被告刘某,犯罪时17岁,因一盒烟引起斗殴,将对方扎死。一审法院以故意伤害罪判处其有期徒刑9年,赔偿对方人民币6000元。双方对判决均不服,分别提出上诉,案子摆到了张红燕面前。经过认真审理,她认为刘某的行为应认定是防卫过当,刘某又属未成年人,案发后能投案自首,一审量刑失重,但原告一方却要求赔偿10万元,还要被告偿命。双方僵持不下,情绪对立。而且两家住处又近,矛盾随时可能激化。张红燕找有关单位及证人调查,和当事人多次谈话,讲法律,摆道理,双方终于达成协议,使这一僵持了近两年的案子得到圆满解决。

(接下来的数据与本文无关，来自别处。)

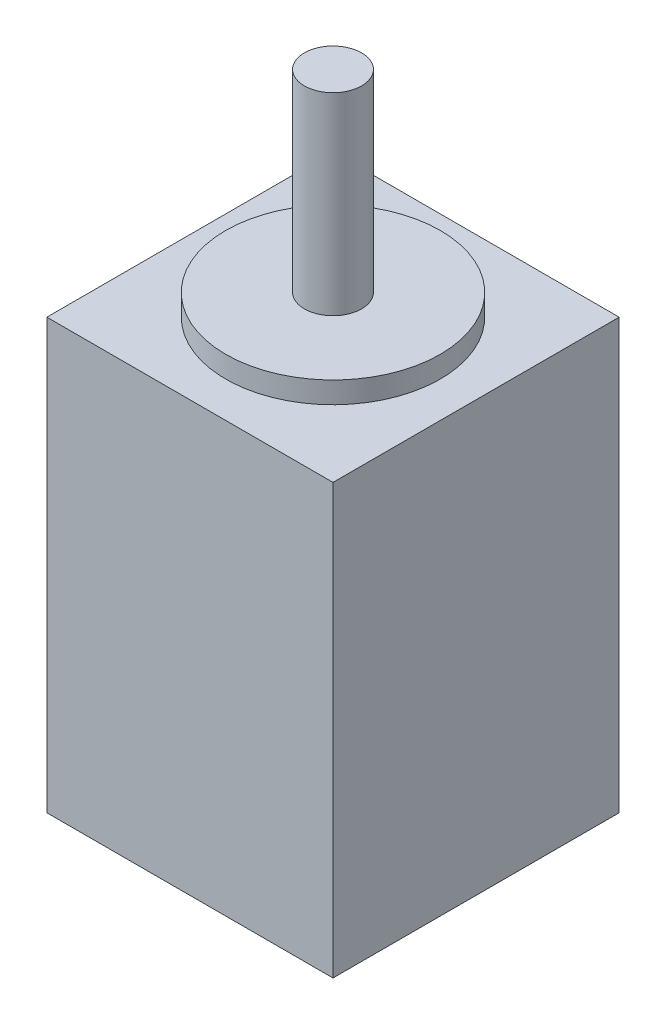
ISO-10303-21;
HEADER;
FILE_DESCRIPTION(('STEP AP214'),'2;1');
FILE_NAME('part.step','',(''),(''),'','','');
FILE_SCHEMA(('AUTOMOTIVE_DESIGN { 1 0 10303 214 1 1 1 1 }'));
ENDSEC;
DATA;
#1=APPLICATION_CONTEXT('core data for automotive mechanical design processes');
#2=APPLICATION_PROTOCOL_DEFINITION('international standard','automotive_design',2000,#1);
#3=PRODUCT_CONTEXT('',#1,'mechanical');
#4=PRODUCT('Part','Part','',(#3));
#5=PRODUCT_RELATED_PRODUCT_CATEGORY('part','',(#4));
#6=PRODUCT_DEFINITION_FORMATION('','',#4);
#7=PRODUCT_DEFINITION_CONTEXT('part definition',#1,'design');
#8=PRODUCT_DEFINITION('design','',#6,#7);
#9=PRODUCT_DEFINITION_SHAPE('','',#8);
#10=(LENGTH_UNIT() NAMED_UNIT(*) SI_UNIT(.MILLI.,.METRE.));
#11=(NAMED_UNIT(*) PLANE_ANGLE_UNIT() SI_UNIT($,.RADIAN.));
#12=(NAMED_UNIT(*) SI_UNIT($,.STERADIAN.) SOLID_ANGLE_UNIT());
#13=UNCERTAINTY_MEASURE_WITH_UNIT(LENGTH_MEASURE(1.E-05),#10,'distance_accuracy_value','');
#14=(GEOMETRIC_REPRESENTATION_CONTEXT(3) GLOBAL_UNCERTAINTY_ASSIGNED_CONTEXT((#13)) GLOBAL_UNIT_ASSIGNED_CONTEXT((#10,
#11,#12)) REPRESENTATION_CONTEXT('',''));
#15=CARTESIAN_POINT('',(0.,0.,0.));
#16=DIRECTION('',(0.,0.,1.));
#17=DIRECTION('',(1.,0.,0.));
#18=AXIS2_PLACEMENT_3D('',#15,#16,#17);
#19=CARTESIAN_POINT('',(10.,31.5,-10.));
#20=DIRECTION('',(0.,1.,0.));
#21=DIRECTION('',(0.,0.,1.));
#22=AXIS2_PLACEMENT_3D('',#19,#20,#21);
#23=PLANE('',#22);
#24=CARTESIAN_POINT('',(10.,31.5,-10.));
#25=DIRECTION('',(0.,1.,0.));
#26=DIRECTION('',(0.,0.,1.));
#27=AXIS2_PLACEMENT_3D('',#24,#25,#26);
#28=CIRCLE('',#27,7.5);
#29=CARTESIAN_POINT('',(10.,31.5,-2.5));
#30=VERTEX_POINT('',#29);
#31=EDGE_CURVE('E104',#30,#30,#28,.T.);
#32=ORIENTED_EDGE('',*,*,#31,.T.);
#33=EDGE_LOOP('',(#32));
#34=FACE_BOUND('',#33,.T.);
#35=CARTESIAN_POINT('',(10.,31.5,-10.));
#36=DIRECTION('',(0.,1.,0.));
#37=DIRECTION('',(0.,0.,1.));
#38=AXIS2_PLACEMENT_3D('',#35,#36,#37);
#39=CIRCLE('',#38,2.);
#40=CARTESIAN_POINT('',(10.,31.5,-8.));
#41=VERTEX_POINT('',#40);
#42=EDGE_CURVE('E146',#41,#41,#39,.T.);
#43=ORIENTED_EDGE('',*,*,#42,.F.);
#44=EDGE_LOOP('',(#43));
#45=FACE_BOUND('',#44,.T.);
#46=ADVANCED_FACE('F33',(#34,#45),#23,.T.);
#47=CARTESIAN_POINT('',(0.,30.,0.));
#48=DIRECTION('',(0.,-1.,0.));
#49=DIRECTION('',(0.,0.,-1.));
#50=AXIS2_PLACEMENT_3D('',#47,#48,#49);
#51=PLANE('',#50);
#52=DIRECTION('',(0.,0.,1.));
#53=VECTOR('',#52,1.);
#54=CARTESIAN_POINT('',(0.,30.,0.));
#55=LINE('',#54,#53);
#56=CARTESIAN_POINT('',(0.,30.,-20.));
#57=VERTEX_POINT('',#56);
#58=CARTESIAN_POINT('',(0.,30.,0.));
#59=VERTEX_POINT('',#58);
#60=EDGE_CURVE('E87',#57,#59,#55,.T.);
#61=ORIENTED_EDGE('',*,*,#60,.T.);
#62=DIRECTION('',(1.,0.,0.));
#63=VECTOR('',#62,1.);
#64=CARTESIAN_POINT('',(0.,30.,0.));
#65=LINE('',#64,#63);
#66=CARTESIAN_POINT('',(20.,30.,0.));
#67=VERTEX_POINT('',#66);
#68=EDGE_CURVE('E81',#59,#67,#65,.T.);
#69=ORIENTED_EDGE('',*,*,#68,.T.);
#70=DIRECTION('',(0.,0.,-1.));
#71=VECTOR('',#70,1.);
#72=CARTESIAN_POINT('',(20.,30.,0.));
#73=LINE('',#72,#71);
#74=CARTESIAN_POINT('',(20.,30.,-20.));
#75=VERTEX_POINT('',#74);
#76=EDGE_CURVE('E85',#67,#75,#73,.T.);
#77=ORIENTED_EDGE('',*,*,#76,.T.);
#78=DIRECTION('',(-1.,0.,0.));
#79=VECTOR('',#78,1.);
#80=CARTESIAN_POINT('',(0.,30.,-20.));
#81=LINE('',#80,#79);
#82=EDGE_CURVE('E50',#75,#57,#81,.T.);
#83=ORIENTED_EDGE('',*,*,#82,.T.);
#84=EDGE_LOOP('',(#61,#69,#77,#83));
#85=FACE_BOUND('',#84,.T.);
#86=CARTESIAN_POINT('',(10.,30.,-10.));
#87=DIRECTION('',(0.,-1.,0.));
#88=DIRECTION('',(0.,0.,-1.));
#89=AXIS2_PLACEMENT_3D('',#86,#87,#88);
#90=CIRCLE('',#89,7.5);
#91=CARTESIAN_POINT('',(10.,30.,-17.5));
#92=VERTEX_POINT('',#91);
#93=EDGE_CURVE('E11',#92,#92,#90,.F.);
#94=ORIENTED_EDGE('',*,*,#93,.F.);
#95=EDGE_LOOP('',(#94));
#96=FACE_BOUND('',#95,.T.);
#97=ADVANCED_FACE('F82',(#85,#96),#51,.F.);
#98=CARTESIAN_POINT('',(0.,30.,0.));
#99=DIRECTION('',(1.,0.,0.));
#100=DIRECTION('',(0.,0.,-1.));
#101=AXIS2_PLACEMENT_3D('',#98,#99,#100);
#102=PLANE('',#101);
#103=DIRECTION('',(0.,0.,1.));
#104=VECTOR('',#103,1.);
#105=CARTESIAN_POINT('',(0.,0.,0.));
#106=LINE('',#105,#104);
#107=CARTESIAN_POINT('',(0.,0.,-20.));
#108=VERTEX_POINT('',#107);
#109=CARTESIAN_POINT('',(0.,0.,0.));
#110=VERTEX_POINT('',#109);
#111=EDGE_CURVE('E101',#108,#110,#106,.T.);
#112=ORIENTED_EDGE('',*,*,#111,.T.);
#113=DIRECTION('',(0.,-1.,0.));
#114=VECTOR('',#113,1.);
#115=CARTESIAN_POINT('',(0.,30.,0.));
#116=LINE('',#115,#114);
#117=EDGE_CURVE('E42',#59,#110,#116,.T.);
#118=ORIENTED_EDGE('',*,*,#117,.F.);
#119=ORIENTED_EDGE('',*,*,#60,.F.);
#120=DIRECTION('',(0.,-1.,0.));
#121=VECTOR('',#120,1.);
#122=CARTESIAN_POINT('',(0.,30.,-20.));
#123=LINE('',#122,#121);
#124=EDGE_CURVE('E97',#57,#108,#123,.T.);
#125=ORIENTED_EDGE('',*,*,#124,.T.);
#126=EDGE_LOOP('',(#112,#118,#119,#125));
#127=FACE_BOUND('',#126,.T.);
#128=ADVANCED_FACE('F35',(#127),#102,.F.);
#129=CARTESIAN_POINT('',(0.,30.,0.));
#130=DIRECTION('',(0.,0.,-1.));
#131=DIRECTION('',(-1.,0.,0.));
#132=AXIS2_PLACEMENT_3D('',#129,#130,#131);
#133=PLANE('',#132);
#134=DIRECTION('',(1.,0.,0.));
#135=VECTOR('',#134,1.);
#136=CARTESIAN_POINT('',(0.,0.,0.));
#137=LINE('',#136,#135);
#138=CARTESIAN_POINT('',(20.,0.,0.));
#139=VERTEX_POINT('',#138);
#140=EDGE_CURVE('E92',#110,#139,#137,.T.);
#141=ORIENTED_EDGE('',*,*,#140,.T.);
#142=DIRECTION('',(0.,-1.,0.));
#143=VECTOR('',#142,1.);
#144=CARTESIAN_POINT('',(20.,30.,0.));
#145=LINE('',#144,#143);
#146=EDGE_CURVE('E90',#67,#139,#145,.T.);
#147=ORIENTED_EDGE('',*,*,#146,.F.);
#148=ORIENTED_EDGE('',*,*,#68,.F.);
#149=ORIENTED_EDGE('',*,*,#117,.T.);
#150=EDGE_LOOP('',(#141,#147,#148,#149));
#151=FACE_BOUND('',#150,.T.);
#152=ADVANCED_FACE('F91',(#151),#133,.F.);
#153=CARTESIAN_POINT('',(20.,30.,0.));
#154=DIRECTION('',(-1.,0.,0.));
#155=DIRECTION('',(0.,0.,1.));
#156=AXIS2_PLACEMENT_3D('',#153,#154,#155);
#157=PLANE('',#156);
#158=DIRECTION('',(0.,0.,-1.));
#159=VECTOR('',#158,1.);
#160=CARTESIAN_POINT('',(20.,0.,0.));
#161=LINE('',#160,#159);
#162=CARTESIAN_POINT('',(20.,0.,-20.));
#163=VERTEX_POINT('',#162);
#164=EDGE_CURVE('E67',#139,#163,#161,.T.);
#165=ORIENTED_EDGE('',*,*,#164,.T.);
#166=DIRECTION('',(0.,-1.,0.));
#167=VECTOR('',#166,1.);
#168=CARTESIAN_POINT('',(20.,30.,-20.));
#169=LINE('',#168,#167);
#170=EDGE_CURVE('E93',#75,#163,#169,.T.);
#171=ORIENTED_EDGE('',*,*,#170,.F.);
#172=ORIENTED_EDGE('',*,*,#76,.F.);
#173=ORIENTED_EDGE('',*,*,#146,.T.);
#174=EDGE_LOOP('',(#165,#171,#172,#173));
#175=FACE_BOUND('',#174,.T.);
#176=ADVANCED_FACE('F95',(#175),#157,.F.);
#177=CARTESIAN_POINT('',(0.,30.,-20.));
#178=DIRECTION('',(0.,0.,1.));
#179=DIRECTION('',(1.,0.,0.));
#180=AXIS2_PLACEMENT_3D('',#177,#178,#179);
#181=PLANE('',#180);
#182=DIRECTION('',(-1.,0.,0.));
#183=VECTOR('',#182,1.);
#184=CARTESIAN_POINT('',(0.,0.,-20.));
#185=LINE('',#184,#183);
#186=EDGE_CURVE('E73',#163,#108,#185,.T.);
#187=ORIENTED_EDGE('',*,*,#186,.T.);
#188=ORIENTED_EDGE('',*,*,#124,.F.);
#189=ORIENTED_EDGE('',*,*,#82,.F.);
#190=ORIENTED_EDGE('',*,*,#170,.T.);
#191=EDGE_LOOP('',(#187,#188,#189,#190));
#192=FACE_BOUND('',#191,.T.);
#193=ADVANCED_FACE('F115',(#192),#181,.F.);
#194=CARTESIAN_POINT('',(0.,0.,0.));
#195=DIRECTION('',(0.,-1.,0.));
#196=DIRECTION('',(0.,0.,-1.));
#197=AXIS2_PLACEMENT_3D('',#194,#195,#196);
#198=PLANE('',#197);
#199=ORIENTED_EDGE('',*,*,#111,.F.);
#200=ORIENTED_EDGE('',*,*,#186,.F.);
#201=ORIENTED_EDGE('',*,*,#164,.F.);
#202=ORIENTED_EDGE('',*,*,#140,.F.);
#203=EDGE_LOOP('',(#199,#200,#201,#202));
#204=FACE_BOUND('',#203,.T.);
#205=ADVANCED_FACE('F112',(#204),#198,.T.);
#206=CARTESIAN_POINT('',(10.,31.5,-10.));
#207=DIRECTION('',(0.,-1.,0.));
#208=DIRECTION('',(0.,0.,-1.));
#209=AXIS2_PLACEMENT_3D('',#206,#207,#208);
#210=CYLINDRICAL_SURFACE('',#209,7.5);
#211=ORIENTED_EDGE('',*,*,#31,.F.);
#212=EDGE_LOOP('',(#211));
#213=FACE_BOUND('',#212,.T.);
#214=ORIENTED_EDGE('',*,*,#93,.T.);
#215=EDGE_LOOP('',(#214));
#216=FACE_BOUND('',#215,.T.);
#217=ADVANCED_FACE('F114',(#213,#216),#210,.T.);
#218=CARTESIAN_POINT('',(10.,45.,-10.));
#219=DIRECTION('',(0.,-1.,0.));
#220=DIRECTION('',(0.,0.,-1.));
#221=AXIS2_PLACEMENT_3D('',#218,#219,#220);
#222=CYLINDRICAL_SURFACE('',#221,2.);
#223=CARTESIAN_POINT('',(10.,45.,-10.));
#224=DIRECTION('',(0.,1.,0.));
#225=DIRECTION('',(0.,0.,1.));
#226=AXIS2_PLACEMENT_3D('',#223,#224,#225);
#227=CIRCLE('',#226,2.);
#228=CARTESIAN_POINT('',(10.,45.,-8.));
#229=VERTEX_POINT('',#228);
#230=EDGE_CURVE('E145',#229,#229,#227,.T.);
#231=ORIENTED_EDGE('',*,*,#230,.F.);
#232=EDGE_LOOP('',(#231));
#233=FACE_BOUND('',#232,.T.);
#234=ORIENTED_EDGE('',*,*,#42,.T.);
#235=EDGE_LOOP('',(#234));
#236=FACE_BOUND('',#235,.T.);
#237=ADVANCED_FACE('F121',(#233,#236),#222,.T.);
#238=CARTESIAN_POINT('',(10.,45.,-10.));
#239=DIRECTION('',(0.,1.,0.));
#240=DIRECTION('',(0.,0.,1.));
#241=AXIS2_PLACEMENT_3D('',#238,#239,#240);
#242=PLANE('',#241);
#243=ORIENTED_EDGE('',*,*,#230,.T.);
#244=EDGE_LOOP('',(#243));
#245=FACE_BOUND('',#244,.T.);
#246=ADVANCED_FACE('F137',(#245),#242,.T.);
#247=CLOSED_SHELL('',(#46,#97,#128,#152,#176,#193,#205,#217,#237,#246));
#248=MANIFOLD_SOLID_BREP('B2',#247);
#249=ADVANCED_BREP_SHAPE_REPRESENTATION('',(#18,#248),#14);
#250=SHAPE_DEFINITION_REPRESENTATION(#9,#249);
ENDSEC;
END-ISO-10303-21;

当然,感受最深的还是那些少年犯。张红燕三番五次找他们谈话,从她那大姐姐对小弟弟般的规劝中,从她那母亲般的温情里,他们懂得了法律知识,明白了社会责任,也深恨自己的过去;宣判,并没有给她和他们之间的关系划上一个句号,对服刑的,她定期回访,询问他们的生活、学习情况,给他们以鼓励;对宣告缓刑的,她协同其所在单位或学校组成帮教小组,为他们提供良好的成长环境;对刑满即将回到社会上去的,她既提出希望,也讲明社会上的客观现实,让他们有一定的思想准备;有些家长经与张红燕谈话也改变了一些错误的做法,有的抛弃了“棍棒底下出孝子”的旧观念,有的不再以错误的处世哲学教育子女。这一切赢得了孩子们的信赖。
3年多来,张红燕和她的同事们共审结未成年人犯罪案件200余件,共370多人。经过回访了解,没有一人再犯罪,其中表现好的占绝大多数,有的被评为劳动积极分子,有的获了奖,还有的考上了大学。
张红燕也因工作出色,多次当选为院先进工作者,廉政建设先进个人,并立三等功一次。今年她还被评为北京市第二届关心未成年人保护优秀工作者。